What to do → In the data below, find the line containing "Sum/1 -> Saturation/1", then set down that line and every later line up to and including the line containing "Product1 : Product", exactly.

======== Entries provided ========

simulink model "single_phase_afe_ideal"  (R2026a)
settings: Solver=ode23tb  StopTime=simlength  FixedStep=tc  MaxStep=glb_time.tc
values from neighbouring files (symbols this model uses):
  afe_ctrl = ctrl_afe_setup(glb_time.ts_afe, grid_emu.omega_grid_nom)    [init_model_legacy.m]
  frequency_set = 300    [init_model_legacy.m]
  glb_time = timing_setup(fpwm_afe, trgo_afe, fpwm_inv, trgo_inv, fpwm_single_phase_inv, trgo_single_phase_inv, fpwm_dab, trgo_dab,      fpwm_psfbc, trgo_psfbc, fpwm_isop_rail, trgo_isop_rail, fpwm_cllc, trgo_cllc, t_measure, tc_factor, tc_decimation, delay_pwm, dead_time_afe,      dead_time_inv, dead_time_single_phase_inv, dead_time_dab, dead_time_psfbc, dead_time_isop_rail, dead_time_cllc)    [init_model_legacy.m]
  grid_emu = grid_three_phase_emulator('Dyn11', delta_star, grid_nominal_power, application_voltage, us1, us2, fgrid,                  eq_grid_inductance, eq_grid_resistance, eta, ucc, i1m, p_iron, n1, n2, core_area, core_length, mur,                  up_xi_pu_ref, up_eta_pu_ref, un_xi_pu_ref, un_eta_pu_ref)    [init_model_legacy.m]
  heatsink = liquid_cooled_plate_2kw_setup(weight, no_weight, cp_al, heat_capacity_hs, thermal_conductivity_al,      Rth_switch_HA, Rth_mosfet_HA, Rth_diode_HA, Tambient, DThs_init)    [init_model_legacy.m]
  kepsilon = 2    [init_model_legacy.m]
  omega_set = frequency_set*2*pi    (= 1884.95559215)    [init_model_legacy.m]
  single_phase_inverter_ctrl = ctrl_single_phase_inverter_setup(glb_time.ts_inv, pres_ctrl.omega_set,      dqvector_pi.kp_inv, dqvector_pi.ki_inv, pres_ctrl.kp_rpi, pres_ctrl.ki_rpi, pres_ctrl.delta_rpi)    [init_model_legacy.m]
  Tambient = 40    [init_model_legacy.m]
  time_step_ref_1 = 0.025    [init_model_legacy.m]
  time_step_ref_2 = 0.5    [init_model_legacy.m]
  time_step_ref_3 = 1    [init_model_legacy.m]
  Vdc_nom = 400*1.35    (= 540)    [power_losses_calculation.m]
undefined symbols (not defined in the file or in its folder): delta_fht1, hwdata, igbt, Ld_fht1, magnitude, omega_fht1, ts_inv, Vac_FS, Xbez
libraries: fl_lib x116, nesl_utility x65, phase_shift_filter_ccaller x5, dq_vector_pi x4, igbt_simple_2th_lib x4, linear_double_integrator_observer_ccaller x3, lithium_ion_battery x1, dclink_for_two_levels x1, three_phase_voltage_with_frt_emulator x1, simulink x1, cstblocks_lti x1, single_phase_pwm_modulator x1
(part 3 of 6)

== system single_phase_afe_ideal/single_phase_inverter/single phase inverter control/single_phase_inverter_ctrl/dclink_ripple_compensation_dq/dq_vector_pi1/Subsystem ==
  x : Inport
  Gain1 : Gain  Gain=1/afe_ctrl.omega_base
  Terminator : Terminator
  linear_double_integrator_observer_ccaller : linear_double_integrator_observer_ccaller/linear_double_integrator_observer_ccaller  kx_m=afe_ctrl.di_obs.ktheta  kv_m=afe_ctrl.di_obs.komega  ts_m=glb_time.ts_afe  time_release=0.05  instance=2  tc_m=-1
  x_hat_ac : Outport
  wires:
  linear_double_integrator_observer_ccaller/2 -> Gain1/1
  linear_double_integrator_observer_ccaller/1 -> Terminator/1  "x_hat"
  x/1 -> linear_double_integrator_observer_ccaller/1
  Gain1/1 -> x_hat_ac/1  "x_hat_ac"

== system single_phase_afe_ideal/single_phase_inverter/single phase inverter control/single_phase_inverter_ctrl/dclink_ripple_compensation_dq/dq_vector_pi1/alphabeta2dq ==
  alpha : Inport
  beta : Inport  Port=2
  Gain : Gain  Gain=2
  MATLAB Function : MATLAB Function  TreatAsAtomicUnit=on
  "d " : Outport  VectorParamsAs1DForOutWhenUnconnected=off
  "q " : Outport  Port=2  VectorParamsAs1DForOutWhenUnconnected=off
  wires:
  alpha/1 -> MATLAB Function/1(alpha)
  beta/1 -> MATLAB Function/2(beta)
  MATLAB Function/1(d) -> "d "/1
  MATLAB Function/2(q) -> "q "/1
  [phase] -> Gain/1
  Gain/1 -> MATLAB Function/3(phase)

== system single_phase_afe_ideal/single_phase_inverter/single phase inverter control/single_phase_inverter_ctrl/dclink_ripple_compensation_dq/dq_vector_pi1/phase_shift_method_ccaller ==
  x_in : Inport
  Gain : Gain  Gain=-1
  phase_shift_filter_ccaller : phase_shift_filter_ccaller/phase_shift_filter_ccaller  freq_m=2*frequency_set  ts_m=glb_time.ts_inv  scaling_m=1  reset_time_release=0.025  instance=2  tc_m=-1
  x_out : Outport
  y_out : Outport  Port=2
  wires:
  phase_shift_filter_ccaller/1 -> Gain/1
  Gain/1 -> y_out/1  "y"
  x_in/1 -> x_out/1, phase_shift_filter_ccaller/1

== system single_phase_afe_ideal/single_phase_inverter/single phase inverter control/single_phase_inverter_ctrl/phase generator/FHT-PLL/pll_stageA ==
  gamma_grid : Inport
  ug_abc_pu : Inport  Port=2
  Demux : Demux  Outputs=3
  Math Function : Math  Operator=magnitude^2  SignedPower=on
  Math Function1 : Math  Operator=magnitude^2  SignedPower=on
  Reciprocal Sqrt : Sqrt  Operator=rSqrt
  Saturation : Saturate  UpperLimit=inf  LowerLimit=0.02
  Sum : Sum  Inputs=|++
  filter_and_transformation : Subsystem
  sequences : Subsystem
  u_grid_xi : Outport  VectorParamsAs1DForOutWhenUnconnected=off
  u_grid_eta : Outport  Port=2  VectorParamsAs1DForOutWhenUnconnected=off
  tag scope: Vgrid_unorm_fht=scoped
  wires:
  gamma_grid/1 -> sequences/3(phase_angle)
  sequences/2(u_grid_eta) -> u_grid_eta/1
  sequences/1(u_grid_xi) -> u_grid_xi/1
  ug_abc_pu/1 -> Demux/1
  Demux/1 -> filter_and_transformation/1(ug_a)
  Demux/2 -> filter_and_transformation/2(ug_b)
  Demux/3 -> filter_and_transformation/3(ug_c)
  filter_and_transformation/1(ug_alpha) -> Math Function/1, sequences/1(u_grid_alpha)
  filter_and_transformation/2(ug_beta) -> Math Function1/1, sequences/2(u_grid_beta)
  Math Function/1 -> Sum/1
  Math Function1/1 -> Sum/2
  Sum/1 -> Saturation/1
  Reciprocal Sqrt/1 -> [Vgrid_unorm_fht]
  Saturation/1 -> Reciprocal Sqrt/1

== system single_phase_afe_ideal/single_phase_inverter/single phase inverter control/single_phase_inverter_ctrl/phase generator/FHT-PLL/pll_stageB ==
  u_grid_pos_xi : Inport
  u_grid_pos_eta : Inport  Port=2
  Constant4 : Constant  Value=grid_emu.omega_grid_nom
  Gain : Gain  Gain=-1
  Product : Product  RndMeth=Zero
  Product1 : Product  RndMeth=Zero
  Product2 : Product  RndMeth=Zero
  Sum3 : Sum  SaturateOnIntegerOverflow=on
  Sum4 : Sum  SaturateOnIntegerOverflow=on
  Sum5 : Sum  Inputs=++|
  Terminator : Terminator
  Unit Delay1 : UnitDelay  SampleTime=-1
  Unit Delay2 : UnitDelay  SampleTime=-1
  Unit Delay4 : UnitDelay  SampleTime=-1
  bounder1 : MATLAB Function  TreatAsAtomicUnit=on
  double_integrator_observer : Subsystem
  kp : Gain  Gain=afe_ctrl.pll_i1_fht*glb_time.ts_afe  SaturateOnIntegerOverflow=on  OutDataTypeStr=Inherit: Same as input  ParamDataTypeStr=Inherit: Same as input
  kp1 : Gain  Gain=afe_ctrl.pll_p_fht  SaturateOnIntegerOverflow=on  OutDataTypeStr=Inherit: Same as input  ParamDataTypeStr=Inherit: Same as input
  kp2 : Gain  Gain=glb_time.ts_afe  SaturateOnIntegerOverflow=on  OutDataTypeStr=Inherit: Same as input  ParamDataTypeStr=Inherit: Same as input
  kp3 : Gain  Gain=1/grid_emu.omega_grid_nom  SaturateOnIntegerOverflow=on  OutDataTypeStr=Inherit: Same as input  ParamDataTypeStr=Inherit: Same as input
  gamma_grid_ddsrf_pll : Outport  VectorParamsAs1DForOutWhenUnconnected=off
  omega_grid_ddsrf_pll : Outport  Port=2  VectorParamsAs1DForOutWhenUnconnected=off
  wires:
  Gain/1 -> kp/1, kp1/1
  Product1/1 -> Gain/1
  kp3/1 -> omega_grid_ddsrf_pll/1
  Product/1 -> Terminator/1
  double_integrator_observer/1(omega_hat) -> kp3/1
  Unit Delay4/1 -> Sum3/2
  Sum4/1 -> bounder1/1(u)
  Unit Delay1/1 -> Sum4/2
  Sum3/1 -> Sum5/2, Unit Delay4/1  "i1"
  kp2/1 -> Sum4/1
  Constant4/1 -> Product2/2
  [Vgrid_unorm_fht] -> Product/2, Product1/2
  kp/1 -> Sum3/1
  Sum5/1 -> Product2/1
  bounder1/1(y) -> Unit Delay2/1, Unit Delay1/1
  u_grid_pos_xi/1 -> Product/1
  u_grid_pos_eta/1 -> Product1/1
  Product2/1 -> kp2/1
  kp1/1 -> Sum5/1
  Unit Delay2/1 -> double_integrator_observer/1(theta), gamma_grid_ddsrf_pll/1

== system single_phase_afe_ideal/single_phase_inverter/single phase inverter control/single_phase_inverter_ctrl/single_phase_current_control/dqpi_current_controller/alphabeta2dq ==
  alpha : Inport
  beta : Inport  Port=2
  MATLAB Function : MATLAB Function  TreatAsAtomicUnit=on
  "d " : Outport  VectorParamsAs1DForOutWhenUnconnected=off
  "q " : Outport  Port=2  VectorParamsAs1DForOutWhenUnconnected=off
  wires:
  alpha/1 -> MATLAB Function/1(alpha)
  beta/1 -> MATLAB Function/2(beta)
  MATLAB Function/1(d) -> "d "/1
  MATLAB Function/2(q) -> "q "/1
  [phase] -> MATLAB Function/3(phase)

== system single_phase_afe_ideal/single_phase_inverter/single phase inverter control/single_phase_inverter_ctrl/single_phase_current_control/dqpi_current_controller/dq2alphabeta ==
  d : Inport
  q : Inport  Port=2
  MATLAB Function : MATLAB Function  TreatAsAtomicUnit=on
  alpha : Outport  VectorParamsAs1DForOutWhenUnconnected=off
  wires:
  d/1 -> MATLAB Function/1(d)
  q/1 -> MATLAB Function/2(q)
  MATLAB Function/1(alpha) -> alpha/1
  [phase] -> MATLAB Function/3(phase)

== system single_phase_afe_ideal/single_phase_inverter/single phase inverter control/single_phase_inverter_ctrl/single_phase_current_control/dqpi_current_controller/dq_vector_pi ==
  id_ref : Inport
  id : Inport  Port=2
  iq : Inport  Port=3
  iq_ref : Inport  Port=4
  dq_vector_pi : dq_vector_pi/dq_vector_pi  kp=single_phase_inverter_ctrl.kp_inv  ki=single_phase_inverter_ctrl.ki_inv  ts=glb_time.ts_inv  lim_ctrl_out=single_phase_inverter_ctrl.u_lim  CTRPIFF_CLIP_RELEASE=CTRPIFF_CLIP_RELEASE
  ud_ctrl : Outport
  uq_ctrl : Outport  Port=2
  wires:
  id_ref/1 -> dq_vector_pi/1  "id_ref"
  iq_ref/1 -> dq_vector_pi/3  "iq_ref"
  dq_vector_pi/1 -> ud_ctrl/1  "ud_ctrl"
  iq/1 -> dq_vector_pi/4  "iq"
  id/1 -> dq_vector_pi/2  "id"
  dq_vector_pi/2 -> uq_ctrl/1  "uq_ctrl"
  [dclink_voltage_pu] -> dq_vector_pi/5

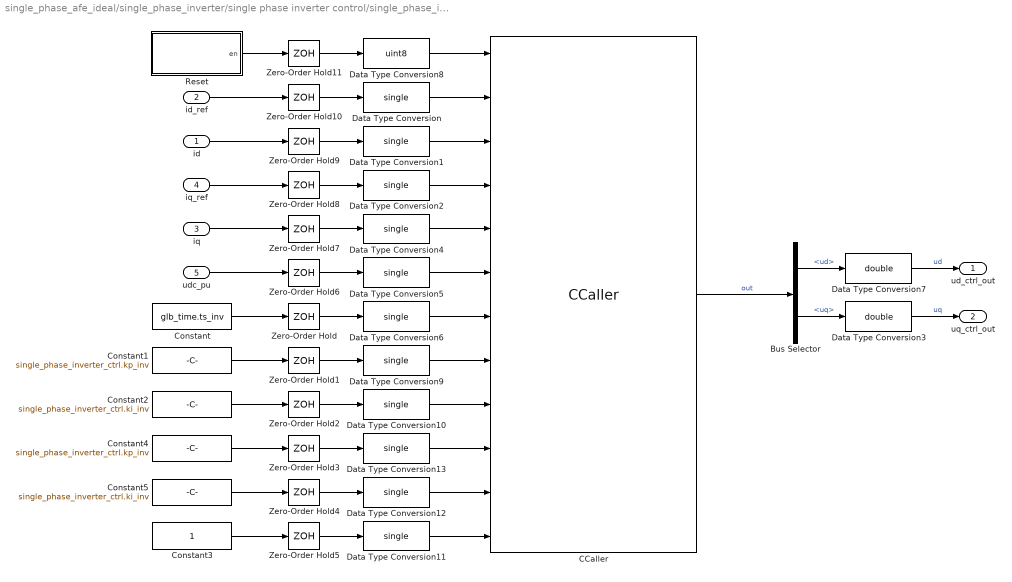
== system single_phase_afe_ideal/single_phase_inverter/single phase inverter control/single_phase_inverter_ctrl/single_phase_current_control/dqpi_current_controller/dq_vector_pi_ccaller ==
  id : Inport
  id_ref : Inport  Port=2
  iq : Inport  Port=3
  iq_ref : Inport  Port=4
  udc_pu : Inport  Port=5
  Bus Selector : BusSelector  OutputSignals=ud,uq
  CCaller : CCaller  FunctionName=dqvector_pi_process_simulink  PortSpecificationStruct="%)30     .    ,!8   8    (     @         %    \"     T    !     0         %  0 \"0    $    _    07)G3F%M90  4&]R=$YA;64 4V-O<&4     26YD97@     5'EP90      4VEZ90      27-';&]B86P   X    P    !@    @    $          4    (     0    ,    !         !   P!O=70 #@   #     &    \"     0         !0    @    !     P    $         $  # &]U=  .    .     8    (    !          %    \"     $    &     0         0   ...(+7280 chars)"
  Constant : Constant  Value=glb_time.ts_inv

========

Solution to the exercise →
  Sum/1 -> Saturation/1
  Reciprocal Sqrt/1 -> [Vgrid_unorm_fht]
  Saturation/1 -> Reciprocal Sqrt/1

== system single_phase_afe_ideal/single_phase_inverter/single phase inverter control/single_phase_inverter_ctrl/phase generator/FHT-PLL/pll_stageB ==
  u_grid_pos_xi : Inport
  u_grid_pos_eta : Inport  Port=2
  Constant4 : Constant  Value=grid_emu.omega_grid_nom
  Gain : Gain  Gain=-1
  Product : Product  RndMeth=Zero
  Product1 : Product  RndMeth=Zero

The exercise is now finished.